# Spark Plugs?



## NJG8GT (Nov 14, 2007)

Has anyone done any research on aftermarket "performance" spark plugs? I mean there are so many differnt plugs, gold, silver, platinum, titanium, kryptonyte. I was just wondering if it would be worth changing for any performance gain, and if so, what are the best plugs out there now? Or is this a question like the tornado fuel savor or turbonator? Thanks.


----------



## fergyflyer (Apr 18, 2005)

My C6 Vette was part of a dyno test for Pulstar Spark plugs. They are a spark plug that uses a capacitor to release a bunch more energy than a regular spark plug. 

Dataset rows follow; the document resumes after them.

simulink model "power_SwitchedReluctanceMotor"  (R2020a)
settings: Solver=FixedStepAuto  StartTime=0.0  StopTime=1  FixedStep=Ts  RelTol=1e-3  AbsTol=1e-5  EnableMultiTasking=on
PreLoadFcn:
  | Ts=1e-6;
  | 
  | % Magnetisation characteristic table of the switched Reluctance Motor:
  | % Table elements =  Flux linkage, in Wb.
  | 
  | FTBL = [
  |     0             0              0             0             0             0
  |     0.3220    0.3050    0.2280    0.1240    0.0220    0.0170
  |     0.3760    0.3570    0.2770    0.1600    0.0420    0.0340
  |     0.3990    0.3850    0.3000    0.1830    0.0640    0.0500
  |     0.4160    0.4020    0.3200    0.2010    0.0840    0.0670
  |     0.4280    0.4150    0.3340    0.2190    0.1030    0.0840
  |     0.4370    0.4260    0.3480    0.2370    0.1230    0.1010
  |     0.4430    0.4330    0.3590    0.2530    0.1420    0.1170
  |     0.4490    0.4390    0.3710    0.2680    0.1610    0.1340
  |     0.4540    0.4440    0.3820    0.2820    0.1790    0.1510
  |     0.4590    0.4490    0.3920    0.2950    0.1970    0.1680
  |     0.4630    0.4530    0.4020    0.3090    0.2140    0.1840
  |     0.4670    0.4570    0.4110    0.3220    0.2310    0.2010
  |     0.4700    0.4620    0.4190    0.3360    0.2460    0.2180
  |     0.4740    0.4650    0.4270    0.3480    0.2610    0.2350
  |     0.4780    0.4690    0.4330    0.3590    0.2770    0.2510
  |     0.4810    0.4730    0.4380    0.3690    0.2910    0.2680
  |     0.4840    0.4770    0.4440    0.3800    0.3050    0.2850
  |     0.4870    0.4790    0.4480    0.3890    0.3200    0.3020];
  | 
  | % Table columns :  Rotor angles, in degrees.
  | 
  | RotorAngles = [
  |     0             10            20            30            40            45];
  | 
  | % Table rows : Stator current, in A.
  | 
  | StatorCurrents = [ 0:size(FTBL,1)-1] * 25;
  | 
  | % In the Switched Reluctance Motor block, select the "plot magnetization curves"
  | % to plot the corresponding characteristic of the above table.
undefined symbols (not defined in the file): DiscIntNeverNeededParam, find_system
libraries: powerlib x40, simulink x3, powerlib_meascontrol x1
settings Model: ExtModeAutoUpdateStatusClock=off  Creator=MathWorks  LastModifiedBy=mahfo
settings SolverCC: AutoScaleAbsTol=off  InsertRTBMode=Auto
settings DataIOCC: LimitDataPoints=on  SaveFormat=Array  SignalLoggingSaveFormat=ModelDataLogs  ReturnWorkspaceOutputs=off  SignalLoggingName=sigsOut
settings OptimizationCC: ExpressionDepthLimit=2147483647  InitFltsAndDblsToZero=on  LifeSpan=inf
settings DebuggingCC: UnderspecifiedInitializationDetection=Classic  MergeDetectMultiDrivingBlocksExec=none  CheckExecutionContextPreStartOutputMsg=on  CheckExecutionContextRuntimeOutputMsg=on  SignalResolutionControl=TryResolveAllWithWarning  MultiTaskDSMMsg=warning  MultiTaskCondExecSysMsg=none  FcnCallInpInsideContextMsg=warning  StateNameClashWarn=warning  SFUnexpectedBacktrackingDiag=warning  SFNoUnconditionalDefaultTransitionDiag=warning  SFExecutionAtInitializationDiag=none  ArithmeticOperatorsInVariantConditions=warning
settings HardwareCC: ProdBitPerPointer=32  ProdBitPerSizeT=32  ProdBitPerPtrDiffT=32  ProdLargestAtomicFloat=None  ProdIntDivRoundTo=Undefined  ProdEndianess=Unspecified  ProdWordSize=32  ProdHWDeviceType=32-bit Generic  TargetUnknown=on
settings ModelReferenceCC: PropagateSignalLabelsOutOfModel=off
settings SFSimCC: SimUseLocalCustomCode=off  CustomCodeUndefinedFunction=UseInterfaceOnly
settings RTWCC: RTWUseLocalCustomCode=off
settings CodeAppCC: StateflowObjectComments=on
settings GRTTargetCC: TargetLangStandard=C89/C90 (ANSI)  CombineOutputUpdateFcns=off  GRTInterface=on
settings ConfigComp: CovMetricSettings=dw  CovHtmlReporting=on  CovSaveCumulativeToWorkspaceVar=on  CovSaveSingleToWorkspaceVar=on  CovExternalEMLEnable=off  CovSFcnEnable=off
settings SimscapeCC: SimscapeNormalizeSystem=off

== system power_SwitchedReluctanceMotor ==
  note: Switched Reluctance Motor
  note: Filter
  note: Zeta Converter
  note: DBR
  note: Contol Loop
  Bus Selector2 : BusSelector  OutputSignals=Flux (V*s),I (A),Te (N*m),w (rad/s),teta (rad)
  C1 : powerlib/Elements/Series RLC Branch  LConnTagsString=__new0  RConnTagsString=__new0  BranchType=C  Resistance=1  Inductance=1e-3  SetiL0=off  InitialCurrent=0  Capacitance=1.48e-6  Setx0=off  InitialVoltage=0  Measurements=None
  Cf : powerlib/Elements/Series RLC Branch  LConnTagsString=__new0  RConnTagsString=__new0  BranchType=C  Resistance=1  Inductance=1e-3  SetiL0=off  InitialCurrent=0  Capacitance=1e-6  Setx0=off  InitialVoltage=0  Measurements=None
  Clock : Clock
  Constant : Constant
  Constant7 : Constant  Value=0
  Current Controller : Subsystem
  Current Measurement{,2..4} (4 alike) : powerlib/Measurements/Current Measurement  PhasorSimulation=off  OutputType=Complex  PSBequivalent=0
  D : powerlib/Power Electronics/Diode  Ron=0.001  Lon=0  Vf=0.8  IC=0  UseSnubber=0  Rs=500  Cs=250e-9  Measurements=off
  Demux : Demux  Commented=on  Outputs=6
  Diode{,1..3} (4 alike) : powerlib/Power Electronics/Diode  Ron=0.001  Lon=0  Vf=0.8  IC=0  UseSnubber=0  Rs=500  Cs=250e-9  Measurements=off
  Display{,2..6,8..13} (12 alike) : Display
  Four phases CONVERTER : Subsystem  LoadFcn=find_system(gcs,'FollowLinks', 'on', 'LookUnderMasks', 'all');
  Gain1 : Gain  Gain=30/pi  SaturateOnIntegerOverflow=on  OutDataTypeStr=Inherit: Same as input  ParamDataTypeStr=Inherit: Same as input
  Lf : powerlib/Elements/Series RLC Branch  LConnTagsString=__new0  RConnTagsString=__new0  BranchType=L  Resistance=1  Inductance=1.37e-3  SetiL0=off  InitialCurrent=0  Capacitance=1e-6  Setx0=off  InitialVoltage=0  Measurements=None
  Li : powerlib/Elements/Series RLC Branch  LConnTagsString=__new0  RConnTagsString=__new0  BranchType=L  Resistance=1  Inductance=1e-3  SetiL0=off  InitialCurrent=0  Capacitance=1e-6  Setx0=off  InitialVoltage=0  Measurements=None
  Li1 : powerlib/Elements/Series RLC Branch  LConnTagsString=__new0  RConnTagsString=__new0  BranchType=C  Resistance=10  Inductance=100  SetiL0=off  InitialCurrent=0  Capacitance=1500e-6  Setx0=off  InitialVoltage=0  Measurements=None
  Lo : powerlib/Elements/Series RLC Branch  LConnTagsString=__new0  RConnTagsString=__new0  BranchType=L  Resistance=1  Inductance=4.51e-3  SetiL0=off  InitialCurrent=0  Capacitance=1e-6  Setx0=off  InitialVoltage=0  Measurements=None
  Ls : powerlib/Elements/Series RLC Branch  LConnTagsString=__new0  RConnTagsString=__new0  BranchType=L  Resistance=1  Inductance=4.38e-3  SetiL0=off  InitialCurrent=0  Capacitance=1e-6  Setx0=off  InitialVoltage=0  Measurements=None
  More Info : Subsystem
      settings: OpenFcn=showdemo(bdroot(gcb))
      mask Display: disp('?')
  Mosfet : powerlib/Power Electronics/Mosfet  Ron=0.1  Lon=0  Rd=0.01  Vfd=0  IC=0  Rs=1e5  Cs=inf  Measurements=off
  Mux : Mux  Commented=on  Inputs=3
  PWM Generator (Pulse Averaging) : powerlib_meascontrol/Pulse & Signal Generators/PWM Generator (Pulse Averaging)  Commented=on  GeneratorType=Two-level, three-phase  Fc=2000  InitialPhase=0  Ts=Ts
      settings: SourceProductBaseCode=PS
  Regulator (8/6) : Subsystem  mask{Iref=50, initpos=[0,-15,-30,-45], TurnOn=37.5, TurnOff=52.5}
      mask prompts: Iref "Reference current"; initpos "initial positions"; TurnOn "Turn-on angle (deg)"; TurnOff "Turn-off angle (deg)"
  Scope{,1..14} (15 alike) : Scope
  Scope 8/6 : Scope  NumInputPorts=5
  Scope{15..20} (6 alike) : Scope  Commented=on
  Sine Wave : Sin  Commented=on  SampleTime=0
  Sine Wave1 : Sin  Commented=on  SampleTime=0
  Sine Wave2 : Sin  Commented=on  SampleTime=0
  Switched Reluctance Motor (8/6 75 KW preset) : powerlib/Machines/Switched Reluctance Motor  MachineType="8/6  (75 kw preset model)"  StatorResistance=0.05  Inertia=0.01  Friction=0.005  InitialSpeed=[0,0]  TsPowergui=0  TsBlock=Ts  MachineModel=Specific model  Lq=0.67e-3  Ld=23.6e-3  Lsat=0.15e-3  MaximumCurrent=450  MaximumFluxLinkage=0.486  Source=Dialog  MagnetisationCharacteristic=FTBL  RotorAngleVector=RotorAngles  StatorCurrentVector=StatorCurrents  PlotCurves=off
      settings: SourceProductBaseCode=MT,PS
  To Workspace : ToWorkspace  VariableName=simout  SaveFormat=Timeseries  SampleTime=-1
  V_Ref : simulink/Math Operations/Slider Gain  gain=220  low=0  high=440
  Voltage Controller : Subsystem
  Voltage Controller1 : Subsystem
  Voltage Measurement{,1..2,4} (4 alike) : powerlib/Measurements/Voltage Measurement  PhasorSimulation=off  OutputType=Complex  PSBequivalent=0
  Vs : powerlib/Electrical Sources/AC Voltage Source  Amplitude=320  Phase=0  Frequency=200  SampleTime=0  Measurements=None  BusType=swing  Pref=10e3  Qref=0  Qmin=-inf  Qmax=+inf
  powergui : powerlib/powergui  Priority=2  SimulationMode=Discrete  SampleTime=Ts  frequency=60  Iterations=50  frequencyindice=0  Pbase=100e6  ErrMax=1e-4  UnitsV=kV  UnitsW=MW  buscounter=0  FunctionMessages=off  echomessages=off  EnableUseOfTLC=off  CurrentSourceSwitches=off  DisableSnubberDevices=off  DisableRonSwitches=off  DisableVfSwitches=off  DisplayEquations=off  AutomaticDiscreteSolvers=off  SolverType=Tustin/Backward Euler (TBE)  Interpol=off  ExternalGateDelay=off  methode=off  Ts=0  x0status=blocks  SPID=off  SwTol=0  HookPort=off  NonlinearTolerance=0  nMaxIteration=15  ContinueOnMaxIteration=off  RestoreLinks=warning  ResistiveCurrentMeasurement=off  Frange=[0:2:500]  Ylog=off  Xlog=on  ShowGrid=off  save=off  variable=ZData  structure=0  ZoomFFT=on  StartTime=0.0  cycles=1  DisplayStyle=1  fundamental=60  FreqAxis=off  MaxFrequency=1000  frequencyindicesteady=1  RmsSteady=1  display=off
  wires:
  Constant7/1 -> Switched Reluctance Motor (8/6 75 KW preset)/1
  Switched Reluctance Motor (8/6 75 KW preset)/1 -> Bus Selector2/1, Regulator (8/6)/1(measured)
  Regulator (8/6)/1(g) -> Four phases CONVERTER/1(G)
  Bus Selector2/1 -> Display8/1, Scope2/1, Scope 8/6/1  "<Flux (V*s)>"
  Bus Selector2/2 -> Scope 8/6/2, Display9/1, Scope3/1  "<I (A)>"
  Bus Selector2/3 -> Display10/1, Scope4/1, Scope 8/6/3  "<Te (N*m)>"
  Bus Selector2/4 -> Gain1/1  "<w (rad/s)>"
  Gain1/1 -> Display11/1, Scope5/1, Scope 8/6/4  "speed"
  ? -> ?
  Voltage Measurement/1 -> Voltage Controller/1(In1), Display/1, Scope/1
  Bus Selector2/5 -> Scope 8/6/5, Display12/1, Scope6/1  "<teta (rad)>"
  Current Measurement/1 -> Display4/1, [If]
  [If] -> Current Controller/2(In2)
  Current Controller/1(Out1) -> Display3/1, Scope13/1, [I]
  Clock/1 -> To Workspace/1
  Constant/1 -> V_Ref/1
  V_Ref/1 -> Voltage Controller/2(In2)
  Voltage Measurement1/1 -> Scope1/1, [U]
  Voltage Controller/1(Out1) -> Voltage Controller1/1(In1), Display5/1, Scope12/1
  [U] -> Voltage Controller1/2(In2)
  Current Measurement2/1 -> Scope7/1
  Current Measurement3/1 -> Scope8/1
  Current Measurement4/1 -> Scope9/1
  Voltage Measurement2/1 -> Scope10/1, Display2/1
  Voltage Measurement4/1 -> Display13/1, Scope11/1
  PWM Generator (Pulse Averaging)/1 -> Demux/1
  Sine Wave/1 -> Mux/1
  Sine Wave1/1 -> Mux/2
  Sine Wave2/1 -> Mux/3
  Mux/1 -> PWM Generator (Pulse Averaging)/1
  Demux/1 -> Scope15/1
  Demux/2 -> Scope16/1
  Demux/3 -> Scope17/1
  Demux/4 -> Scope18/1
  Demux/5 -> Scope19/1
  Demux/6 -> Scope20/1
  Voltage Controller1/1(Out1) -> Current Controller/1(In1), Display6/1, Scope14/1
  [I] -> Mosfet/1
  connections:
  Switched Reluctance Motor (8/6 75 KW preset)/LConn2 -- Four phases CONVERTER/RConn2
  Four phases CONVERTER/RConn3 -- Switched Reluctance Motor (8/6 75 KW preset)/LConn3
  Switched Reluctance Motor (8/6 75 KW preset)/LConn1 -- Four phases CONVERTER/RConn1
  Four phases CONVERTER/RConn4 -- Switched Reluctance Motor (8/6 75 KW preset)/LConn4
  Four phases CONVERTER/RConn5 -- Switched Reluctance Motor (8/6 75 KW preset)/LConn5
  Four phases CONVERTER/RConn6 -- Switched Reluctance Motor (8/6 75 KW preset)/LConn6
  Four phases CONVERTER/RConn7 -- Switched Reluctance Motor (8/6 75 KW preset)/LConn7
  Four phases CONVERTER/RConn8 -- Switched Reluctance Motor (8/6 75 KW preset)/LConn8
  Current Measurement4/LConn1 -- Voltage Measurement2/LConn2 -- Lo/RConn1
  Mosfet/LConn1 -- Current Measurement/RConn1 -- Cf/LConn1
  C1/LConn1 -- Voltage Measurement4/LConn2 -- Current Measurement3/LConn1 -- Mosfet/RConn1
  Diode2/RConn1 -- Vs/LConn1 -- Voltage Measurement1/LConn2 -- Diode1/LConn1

Here's what the dyno told us. The stock LS2 spark plugs with 25,000 miles on them were the worst. The $25 per spark plug Pulstars were good for about 7 hp or about 2.5% increase in power. This was in a controlled enviroment with the temperature and humidity mostly constant, less than 2 degrees and 5% humidity variance. 

They then put in NGK TR55's that cost $2-$3 buck a plug and got a 5 hp increase over the Pulstar plugs. There was a lot less timing being pulled by the computer and it set up better and was more consistant over the full rpm range of the dyno pull.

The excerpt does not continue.